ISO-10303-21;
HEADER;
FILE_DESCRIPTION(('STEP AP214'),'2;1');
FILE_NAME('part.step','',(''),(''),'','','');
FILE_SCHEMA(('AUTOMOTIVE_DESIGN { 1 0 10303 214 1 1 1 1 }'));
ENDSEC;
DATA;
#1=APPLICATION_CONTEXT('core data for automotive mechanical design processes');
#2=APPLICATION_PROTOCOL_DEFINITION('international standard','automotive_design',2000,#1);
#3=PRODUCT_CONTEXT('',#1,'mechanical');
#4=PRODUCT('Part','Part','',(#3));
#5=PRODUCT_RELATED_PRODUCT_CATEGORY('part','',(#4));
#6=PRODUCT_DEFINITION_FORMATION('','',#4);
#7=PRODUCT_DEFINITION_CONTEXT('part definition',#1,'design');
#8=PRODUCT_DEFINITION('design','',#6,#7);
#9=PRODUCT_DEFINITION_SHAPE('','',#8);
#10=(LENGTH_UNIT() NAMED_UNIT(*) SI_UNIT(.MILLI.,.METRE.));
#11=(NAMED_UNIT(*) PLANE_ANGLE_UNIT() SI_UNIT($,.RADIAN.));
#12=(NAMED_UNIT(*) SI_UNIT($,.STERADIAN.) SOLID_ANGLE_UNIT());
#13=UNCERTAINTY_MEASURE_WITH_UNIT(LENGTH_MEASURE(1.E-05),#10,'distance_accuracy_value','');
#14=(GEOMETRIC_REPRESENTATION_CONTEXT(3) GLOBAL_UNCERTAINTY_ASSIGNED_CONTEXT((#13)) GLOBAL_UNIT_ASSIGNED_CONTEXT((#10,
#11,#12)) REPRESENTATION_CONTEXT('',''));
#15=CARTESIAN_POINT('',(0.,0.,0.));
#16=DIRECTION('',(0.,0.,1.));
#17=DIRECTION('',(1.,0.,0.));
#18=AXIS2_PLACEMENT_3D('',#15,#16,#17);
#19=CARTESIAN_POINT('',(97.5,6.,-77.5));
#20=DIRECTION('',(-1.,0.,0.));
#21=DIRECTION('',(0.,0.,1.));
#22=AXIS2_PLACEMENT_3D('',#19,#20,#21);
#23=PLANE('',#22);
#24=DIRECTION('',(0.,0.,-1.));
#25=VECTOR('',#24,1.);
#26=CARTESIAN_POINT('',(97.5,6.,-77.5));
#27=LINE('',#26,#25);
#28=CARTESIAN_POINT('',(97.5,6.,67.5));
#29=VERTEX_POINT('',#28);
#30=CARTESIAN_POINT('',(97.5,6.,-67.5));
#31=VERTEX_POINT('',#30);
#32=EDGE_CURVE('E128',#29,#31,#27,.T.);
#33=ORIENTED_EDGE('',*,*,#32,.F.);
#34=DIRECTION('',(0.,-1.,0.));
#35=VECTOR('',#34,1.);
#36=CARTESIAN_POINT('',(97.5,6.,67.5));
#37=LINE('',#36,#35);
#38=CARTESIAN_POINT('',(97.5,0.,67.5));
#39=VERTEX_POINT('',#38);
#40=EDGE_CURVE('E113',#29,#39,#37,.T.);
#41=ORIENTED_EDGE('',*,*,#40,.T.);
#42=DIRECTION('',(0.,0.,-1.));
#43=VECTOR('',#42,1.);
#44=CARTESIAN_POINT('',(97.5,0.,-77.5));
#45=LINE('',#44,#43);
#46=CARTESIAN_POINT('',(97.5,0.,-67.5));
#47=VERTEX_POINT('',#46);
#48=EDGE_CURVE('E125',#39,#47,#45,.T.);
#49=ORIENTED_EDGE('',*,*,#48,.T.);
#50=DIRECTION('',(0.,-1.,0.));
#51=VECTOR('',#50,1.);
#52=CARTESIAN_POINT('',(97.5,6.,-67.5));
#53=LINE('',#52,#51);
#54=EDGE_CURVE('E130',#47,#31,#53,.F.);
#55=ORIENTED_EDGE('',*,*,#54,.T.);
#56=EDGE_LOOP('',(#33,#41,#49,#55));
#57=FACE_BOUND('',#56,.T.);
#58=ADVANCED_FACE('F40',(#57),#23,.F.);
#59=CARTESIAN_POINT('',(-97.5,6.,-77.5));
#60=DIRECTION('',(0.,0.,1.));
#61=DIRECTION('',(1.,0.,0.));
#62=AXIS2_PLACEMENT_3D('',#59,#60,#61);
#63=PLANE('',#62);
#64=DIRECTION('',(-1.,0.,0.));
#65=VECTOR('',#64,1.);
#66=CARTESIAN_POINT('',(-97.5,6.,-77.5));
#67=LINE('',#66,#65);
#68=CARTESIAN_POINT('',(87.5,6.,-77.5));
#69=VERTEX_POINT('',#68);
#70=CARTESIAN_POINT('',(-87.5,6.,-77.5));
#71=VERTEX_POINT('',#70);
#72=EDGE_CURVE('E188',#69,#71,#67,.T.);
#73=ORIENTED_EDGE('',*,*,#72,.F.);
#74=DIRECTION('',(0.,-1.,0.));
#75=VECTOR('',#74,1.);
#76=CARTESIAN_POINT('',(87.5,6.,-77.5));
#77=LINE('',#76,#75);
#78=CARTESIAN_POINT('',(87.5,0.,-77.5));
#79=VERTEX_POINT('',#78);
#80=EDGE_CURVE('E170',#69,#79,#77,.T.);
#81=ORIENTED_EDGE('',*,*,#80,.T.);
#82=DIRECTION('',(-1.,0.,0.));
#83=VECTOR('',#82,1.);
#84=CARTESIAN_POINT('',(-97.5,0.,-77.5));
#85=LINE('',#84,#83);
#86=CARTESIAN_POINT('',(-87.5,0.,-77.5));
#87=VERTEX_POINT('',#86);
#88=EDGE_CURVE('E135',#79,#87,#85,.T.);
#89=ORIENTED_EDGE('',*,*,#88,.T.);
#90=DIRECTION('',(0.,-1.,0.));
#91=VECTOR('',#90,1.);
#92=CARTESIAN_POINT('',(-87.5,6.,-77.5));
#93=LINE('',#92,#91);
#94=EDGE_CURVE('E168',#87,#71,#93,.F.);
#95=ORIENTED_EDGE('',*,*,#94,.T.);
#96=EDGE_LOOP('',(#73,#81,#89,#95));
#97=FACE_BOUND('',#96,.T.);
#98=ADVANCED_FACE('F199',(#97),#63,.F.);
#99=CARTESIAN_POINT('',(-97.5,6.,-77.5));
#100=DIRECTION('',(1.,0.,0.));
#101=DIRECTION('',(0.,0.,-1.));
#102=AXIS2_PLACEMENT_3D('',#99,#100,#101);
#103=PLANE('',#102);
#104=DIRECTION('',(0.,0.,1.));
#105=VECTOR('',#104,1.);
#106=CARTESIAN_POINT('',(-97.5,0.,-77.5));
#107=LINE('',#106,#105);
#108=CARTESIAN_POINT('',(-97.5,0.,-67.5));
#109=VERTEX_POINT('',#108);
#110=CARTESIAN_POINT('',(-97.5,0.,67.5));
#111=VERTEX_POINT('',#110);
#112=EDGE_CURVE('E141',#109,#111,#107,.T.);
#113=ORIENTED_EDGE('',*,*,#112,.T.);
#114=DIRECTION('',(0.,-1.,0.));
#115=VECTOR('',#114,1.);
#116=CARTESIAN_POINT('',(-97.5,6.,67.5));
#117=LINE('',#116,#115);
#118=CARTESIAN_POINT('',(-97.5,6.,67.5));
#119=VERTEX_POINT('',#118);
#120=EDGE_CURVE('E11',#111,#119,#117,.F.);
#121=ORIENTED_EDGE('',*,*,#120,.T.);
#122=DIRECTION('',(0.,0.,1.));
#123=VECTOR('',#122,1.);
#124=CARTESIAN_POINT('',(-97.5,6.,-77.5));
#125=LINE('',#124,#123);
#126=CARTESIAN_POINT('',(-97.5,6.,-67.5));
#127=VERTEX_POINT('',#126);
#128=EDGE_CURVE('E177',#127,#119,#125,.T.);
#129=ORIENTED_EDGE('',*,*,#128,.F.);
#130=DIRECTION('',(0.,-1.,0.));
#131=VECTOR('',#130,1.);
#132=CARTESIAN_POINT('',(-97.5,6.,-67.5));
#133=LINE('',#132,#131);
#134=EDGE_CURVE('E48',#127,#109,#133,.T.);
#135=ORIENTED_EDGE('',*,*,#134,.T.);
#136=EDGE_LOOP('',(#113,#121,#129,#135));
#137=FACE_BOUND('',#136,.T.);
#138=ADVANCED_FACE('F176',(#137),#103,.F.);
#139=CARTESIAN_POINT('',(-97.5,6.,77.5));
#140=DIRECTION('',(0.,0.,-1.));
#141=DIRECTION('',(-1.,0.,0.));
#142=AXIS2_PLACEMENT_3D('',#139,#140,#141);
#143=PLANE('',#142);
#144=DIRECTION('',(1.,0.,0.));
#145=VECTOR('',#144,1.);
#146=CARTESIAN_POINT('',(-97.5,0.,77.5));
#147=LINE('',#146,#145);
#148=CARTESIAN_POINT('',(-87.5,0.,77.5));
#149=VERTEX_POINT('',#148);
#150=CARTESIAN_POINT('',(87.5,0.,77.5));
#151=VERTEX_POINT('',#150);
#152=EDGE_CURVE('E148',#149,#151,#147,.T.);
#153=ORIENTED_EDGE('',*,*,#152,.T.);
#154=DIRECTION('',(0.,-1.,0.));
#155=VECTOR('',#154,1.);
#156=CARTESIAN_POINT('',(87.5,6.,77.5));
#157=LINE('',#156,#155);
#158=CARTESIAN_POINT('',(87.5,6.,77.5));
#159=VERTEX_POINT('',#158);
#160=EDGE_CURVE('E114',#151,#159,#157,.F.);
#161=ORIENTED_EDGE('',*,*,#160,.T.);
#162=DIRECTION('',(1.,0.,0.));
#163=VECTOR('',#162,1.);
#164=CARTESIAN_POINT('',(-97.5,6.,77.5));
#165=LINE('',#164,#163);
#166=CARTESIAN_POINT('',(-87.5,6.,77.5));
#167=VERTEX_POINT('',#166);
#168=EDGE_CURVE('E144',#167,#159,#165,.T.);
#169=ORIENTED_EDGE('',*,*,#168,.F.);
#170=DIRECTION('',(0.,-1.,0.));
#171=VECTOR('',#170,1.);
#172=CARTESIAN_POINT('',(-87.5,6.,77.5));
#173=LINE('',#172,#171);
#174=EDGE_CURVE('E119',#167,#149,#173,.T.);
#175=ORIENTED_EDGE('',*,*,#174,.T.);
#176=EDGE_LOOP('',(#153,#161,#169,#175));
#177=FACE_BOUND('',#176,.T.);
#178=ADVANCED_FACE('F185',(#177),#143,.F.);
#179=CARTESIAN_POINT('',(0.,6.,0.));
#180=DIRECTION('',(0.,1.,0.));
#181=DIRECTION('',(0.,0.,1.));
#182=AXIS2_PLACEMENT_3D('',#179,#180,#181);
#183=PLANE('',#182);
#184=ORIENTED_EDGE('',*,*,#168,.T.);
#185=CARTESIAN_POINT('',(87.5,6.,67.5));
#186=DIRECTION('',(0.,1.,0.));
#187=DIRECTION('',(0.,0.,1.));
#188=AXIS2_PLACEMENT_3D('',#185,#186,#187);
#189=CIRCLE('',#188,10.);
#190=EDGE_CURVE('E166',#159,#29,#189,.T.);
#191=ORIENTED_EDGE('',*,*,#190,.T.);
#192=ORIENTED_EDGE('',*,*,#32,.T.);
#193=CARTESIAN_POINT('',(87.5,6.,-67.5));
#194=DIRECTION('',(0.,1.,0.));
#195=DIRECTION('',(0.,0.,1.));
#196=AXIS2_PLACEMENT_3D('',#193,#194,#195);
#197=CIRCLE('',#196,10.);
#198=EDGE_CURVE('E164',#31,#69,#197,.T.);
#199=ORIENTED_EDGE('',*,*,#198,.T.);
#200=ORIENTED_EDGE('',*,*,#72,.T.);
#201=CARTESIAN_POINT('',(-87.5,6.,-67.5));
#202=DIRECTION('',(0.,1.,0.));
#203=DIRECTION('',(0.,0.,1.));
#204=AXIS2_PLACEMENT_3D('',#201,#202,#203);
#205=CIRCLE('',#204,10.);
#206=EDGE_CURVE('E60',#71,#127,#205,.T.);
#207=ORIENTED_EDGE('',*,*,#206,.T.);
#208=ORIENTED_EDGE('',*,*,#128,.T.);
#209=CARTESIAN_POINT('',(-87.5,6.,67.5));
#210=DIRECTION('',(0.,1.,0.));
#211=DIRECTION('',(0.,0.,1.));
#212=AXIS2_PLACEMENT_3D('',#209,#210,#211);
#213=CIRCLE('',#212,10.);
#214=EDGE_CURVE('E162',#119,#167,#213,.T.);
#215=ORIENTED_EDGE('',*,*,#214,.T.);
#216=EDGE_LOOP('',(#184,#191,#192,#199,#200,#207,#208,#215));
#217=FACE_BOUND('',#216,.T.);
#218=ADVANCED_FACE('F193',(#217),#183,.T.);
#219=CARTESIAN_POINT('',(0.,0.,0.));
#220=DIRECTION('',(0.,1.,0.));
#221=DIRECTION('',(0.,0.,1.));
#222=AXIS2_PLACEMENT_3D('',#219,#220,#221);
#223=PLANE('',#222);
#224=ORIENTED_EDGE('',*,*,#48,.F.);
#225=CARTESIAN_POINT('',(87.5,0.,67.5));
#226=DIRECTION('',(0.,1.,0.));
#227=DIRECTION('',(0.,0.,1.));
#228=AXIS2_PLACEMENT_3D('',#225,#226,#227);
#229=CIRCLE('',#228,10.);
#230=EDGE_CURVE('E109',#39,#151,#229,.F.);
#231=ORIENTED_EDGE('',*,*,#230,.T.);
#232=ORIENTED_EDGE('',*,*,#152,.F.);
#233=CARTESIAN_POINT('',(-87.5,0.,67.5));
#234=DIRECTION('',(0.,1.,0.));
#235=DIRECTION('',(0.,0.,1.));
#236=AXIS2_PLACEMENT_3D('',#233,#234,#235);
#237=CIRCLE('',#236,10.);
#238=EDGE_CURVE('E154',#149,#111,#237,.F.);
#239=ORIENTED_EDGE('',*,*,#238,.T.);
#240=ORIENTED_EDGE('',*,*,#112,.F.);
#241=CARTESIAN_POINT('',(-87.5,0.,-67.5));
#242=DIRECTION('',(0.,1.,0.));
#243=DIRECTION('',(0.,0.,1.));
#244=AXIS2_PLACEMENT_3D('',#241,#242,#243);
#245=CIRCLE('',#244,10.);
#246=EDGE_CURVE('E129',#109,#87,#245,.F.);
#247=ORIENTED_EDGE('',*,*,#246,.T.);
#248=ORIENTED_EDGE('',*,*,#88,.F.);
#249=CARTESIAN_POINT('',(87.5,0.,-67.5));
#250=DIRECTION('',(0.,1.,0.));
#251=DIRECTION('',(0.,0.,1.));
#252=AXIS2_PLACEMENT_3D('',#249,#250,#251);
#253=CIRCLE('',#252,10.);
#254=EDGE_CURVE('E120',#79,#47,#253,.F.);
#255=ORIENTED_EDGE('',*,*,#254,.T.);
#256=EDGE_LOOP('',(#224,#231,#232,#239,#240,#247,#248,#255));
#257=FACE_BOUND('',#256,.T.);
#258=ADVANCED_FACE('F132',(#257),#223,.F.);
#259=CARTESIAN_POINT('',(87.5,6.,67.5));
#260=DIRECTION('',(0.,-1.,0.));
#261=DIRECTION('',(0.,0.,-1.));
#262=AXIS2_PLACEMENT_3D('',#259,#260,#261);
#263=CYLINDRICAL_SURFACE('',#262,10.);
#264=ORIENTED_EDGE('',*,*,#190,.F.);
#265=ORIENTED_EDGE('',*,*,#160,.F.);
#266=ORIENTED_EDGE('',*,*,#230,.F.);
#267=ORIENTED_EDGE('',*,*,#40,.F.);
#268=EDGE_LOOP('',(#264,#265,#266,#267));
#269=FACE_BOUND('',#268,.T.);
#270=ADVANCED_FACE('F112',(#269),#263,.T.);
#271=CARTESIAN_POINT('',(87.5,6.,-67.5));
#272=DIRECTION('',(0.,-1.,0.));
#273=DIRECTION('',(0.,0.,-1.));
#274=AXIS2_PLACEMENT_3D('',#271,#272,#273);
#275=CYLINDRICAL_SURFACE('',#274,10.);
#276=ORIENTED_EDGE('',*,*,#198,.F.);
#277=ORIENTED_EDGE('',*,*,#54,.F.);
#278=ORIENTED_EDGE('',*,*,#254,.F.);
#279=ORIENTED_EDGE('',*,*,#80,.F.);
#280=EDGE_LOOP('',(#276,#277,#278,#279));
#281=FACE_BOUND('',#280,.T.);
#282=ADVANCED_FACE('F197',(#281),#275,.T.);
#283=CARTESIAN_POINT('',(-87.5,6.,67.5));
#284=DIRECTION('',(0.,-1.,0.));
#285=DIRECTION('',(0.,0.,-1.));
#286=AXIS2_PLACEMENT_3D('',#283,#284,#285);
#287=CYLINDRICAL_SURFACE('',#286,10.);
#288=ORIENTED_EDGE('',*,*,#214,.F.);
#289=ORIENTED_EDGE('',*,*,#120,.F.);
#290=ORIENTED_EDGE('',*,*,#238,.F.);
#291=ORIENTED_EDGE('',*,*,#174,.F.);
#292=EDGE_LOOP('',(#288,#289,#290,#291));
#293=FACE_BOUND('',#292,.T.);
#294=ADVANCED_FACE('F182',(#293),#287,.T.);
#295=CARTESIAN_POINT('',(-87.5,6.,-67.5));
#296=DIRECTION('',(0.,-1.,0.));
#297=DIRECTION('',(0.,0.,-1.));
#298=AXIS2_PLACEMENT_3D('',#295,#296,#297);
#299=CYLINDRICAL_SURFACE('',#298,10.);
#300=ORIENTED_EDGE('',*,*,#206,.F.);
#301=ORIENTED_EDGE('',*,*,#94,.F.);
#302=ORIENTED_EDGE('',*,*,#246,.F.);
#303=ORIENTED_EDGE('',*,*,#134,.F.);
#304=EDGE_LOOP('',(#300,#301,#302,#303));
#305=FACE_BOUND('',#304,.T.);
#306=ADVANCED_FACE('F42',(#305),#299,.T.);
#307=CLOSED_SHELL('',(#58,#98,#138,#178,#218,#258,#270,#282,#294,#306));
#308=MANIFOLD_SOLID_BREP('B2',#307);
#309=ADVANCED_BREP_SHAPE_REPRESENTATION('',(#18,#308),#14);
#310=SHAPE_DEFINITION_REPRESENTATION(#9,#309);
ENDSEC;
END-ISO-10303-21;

▶ [Exercise objective] Copy out only the lines above from the one with "#101=DIRECTION('',(0.,0.,-1.));" to the one with "#108=CARTESIAN_POINT('',(-97.5,0.,-67.5));", inclusive, exactly as they stand.

▶ [Response area]
#101=DIRECTION('',(0.,0.,-1.));
#102=AXIS2_PLACEMENT_3D('',#99,#100,#101);
#103=PLANE('',#102);
#104=DIRECTION('',(0.,0.,1.));
#105=VECTOR('',#104,1.);
#106=CARTESIAN_POINT('',(-97.5,0.,-77.5));
#107=LINE('',#106,#105);
#108=CARTESIAN_POINT('',(-97.5,0.,-67.5));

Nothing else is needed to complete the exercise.